EXERCISE PROMPT :: Only one stretch of the records below is wanted: the lines from the one holding "(0, 0, 177.8)" through the one holding "line L1 (-222.25, 9.525)". Return it exactly, both ends included.

EXTRACTED ENTRIES ::
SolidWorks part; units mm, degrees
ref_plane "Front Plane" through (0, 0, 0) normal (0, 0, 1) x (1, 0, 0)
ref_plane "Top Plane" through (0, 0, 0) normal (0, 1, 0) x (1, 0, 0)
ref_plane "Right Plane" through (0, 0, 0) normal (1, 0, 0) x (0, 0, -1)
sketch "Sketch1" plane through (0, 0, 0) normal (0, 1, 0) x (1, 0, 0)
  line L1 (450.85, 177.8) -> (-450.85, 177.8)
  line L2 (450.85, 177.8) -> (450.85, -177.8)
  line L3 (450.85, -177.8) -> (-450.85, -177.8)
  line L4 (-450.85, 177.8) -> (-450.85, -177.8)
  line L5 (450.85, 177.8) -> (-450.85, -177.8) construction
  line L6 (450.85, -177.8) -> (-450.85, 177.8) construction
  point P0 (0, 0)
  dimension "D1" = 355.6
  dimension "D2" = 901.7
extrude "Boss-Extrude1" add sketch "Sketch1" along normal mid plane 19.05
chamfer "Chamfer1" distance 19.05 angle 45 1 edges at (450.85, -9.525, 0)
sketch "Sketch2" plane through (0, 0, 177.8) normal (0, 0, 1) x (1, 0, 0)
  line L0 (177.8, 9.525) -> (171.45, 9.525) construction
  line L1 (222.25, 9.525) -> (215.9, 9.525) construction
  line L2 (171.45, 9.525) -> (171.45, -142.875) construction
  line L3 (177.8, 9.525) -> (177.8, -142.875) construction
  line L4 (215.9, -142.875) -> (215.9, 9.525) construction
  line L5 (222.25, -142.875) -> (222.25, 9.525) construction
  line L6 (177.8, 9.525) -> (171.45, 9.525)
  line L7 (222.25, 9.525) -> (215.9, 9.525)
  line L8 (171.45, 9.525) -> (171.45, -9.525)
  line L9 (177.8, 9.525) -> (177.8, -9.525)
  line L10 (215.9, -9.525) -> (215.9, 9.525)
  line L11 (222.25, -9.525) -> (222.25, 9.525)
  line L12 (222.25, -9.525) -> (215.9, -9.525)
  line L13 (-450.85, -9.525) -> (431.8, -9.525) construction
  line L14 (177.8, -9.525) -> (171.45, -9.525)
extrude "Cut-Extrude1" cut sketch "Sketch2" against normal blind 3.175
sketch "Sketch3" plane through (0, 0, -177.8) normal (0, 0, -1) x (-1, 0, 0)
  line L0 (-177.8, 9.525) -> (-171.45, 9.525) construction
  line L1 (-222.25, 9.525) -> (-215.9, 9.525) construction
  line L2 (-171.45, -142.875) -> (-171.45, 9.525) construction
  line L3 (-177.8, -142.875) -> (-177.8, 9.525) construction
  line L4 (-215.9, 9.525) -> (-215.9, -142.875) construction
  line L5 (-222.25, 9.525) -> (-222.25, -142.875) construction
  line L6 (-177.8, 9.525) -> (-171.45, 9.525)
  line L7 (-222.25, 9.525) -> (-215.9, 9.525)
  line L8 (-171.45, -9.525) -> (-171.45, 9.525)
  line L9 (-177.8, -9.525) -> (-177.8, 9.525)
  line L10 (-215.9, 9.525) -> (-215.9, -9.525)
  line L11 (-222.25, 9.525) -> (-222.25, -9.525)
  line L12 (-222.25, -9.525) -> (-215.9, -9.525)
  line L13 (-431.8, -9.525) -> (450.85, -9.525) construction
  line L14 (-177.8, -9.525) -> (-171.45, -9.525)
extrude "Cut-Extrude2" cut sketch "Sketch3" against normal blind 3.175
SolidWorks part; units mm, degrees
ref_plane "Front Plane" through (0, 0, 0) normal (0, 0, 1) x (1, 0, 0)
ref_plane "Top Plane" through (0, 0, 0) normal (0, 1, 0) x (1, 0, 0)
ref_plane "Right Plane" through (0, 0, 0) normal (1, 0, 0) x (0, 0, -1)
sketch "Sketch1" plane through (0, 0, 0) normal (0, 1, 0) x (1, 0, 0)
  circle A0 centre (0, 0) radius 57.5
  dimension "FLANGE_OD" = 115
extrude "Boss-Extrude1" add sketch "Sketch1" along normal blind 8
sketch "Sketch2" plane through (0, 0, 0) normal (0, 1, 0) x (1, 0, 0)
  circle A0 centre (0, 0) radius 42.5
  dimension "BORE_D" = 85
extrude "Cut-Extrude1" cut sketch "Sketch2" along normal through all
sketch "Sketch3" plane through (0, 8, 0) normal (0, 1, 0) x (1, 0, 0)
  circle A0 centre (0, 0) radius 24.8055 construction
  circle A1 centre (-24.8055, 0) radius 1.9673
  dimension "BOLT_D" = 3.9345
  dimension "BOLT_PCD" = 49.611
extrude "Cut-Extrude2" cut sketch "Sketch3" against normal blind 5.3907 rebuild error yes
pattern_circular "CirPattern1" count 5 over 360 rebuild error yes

RESPONSE TO THE EXERCISE ::
sketch "Sketch2" plane through (0, 0, 177.8) normal (0, 0, 1) x (1, 0, 0)
  line L0 (177.8, 9.525) -> (171.45, 9.525) construction
  line L1 (222.25, 9.525) -> (215.9, 9.525) construction
  line L2 (171.45, 9.525) -> (171.45, -142.875) construction
  line L3 (177.8, 9.525) -> (177.8, -142.875) construction
  line L4 (215.9, -142.875) -> (215.9, 9.525) construction
  line L5 (222.25, -142.875) -> (222.25, 9.525) construction
  line L6 (177.8, 9.525) -> (171.45, 9.525)
  line L7 (222.25, 9.525) -> (215.9, 9.525)
  line L8 (171.45, 9.525) -> (171.45, -9.525)
  line L9 (177.8, 9.525) -> (177.8, -9.525)
  line L10 (215.9, -9.525) -> (215.9, 9.525)
  line L11 (222.25, -9.525) -> (222.25, 9.525)
  line L12 (222.25, -9.525) -> (215.9, -9.525)
  line L13 (-450.85, -9.525) -> (431.8, -9.525) construction
  line L14 (177.8, -9.525) -> (171.45, -9.525)
extrude "Cut-Extrude1" cut sketch "Sketch2" against normal blind 3.175
sketch "Sketch3" plane through (0, 0, -177.8) normal (0, 0, -1) x (-1, 0, 0)
  line L0 (-177.8, 9.525) -> (-171.45, 9.525) construction
  line L1 (-222.25, 9.525) -> (-215.9, 9.525) construction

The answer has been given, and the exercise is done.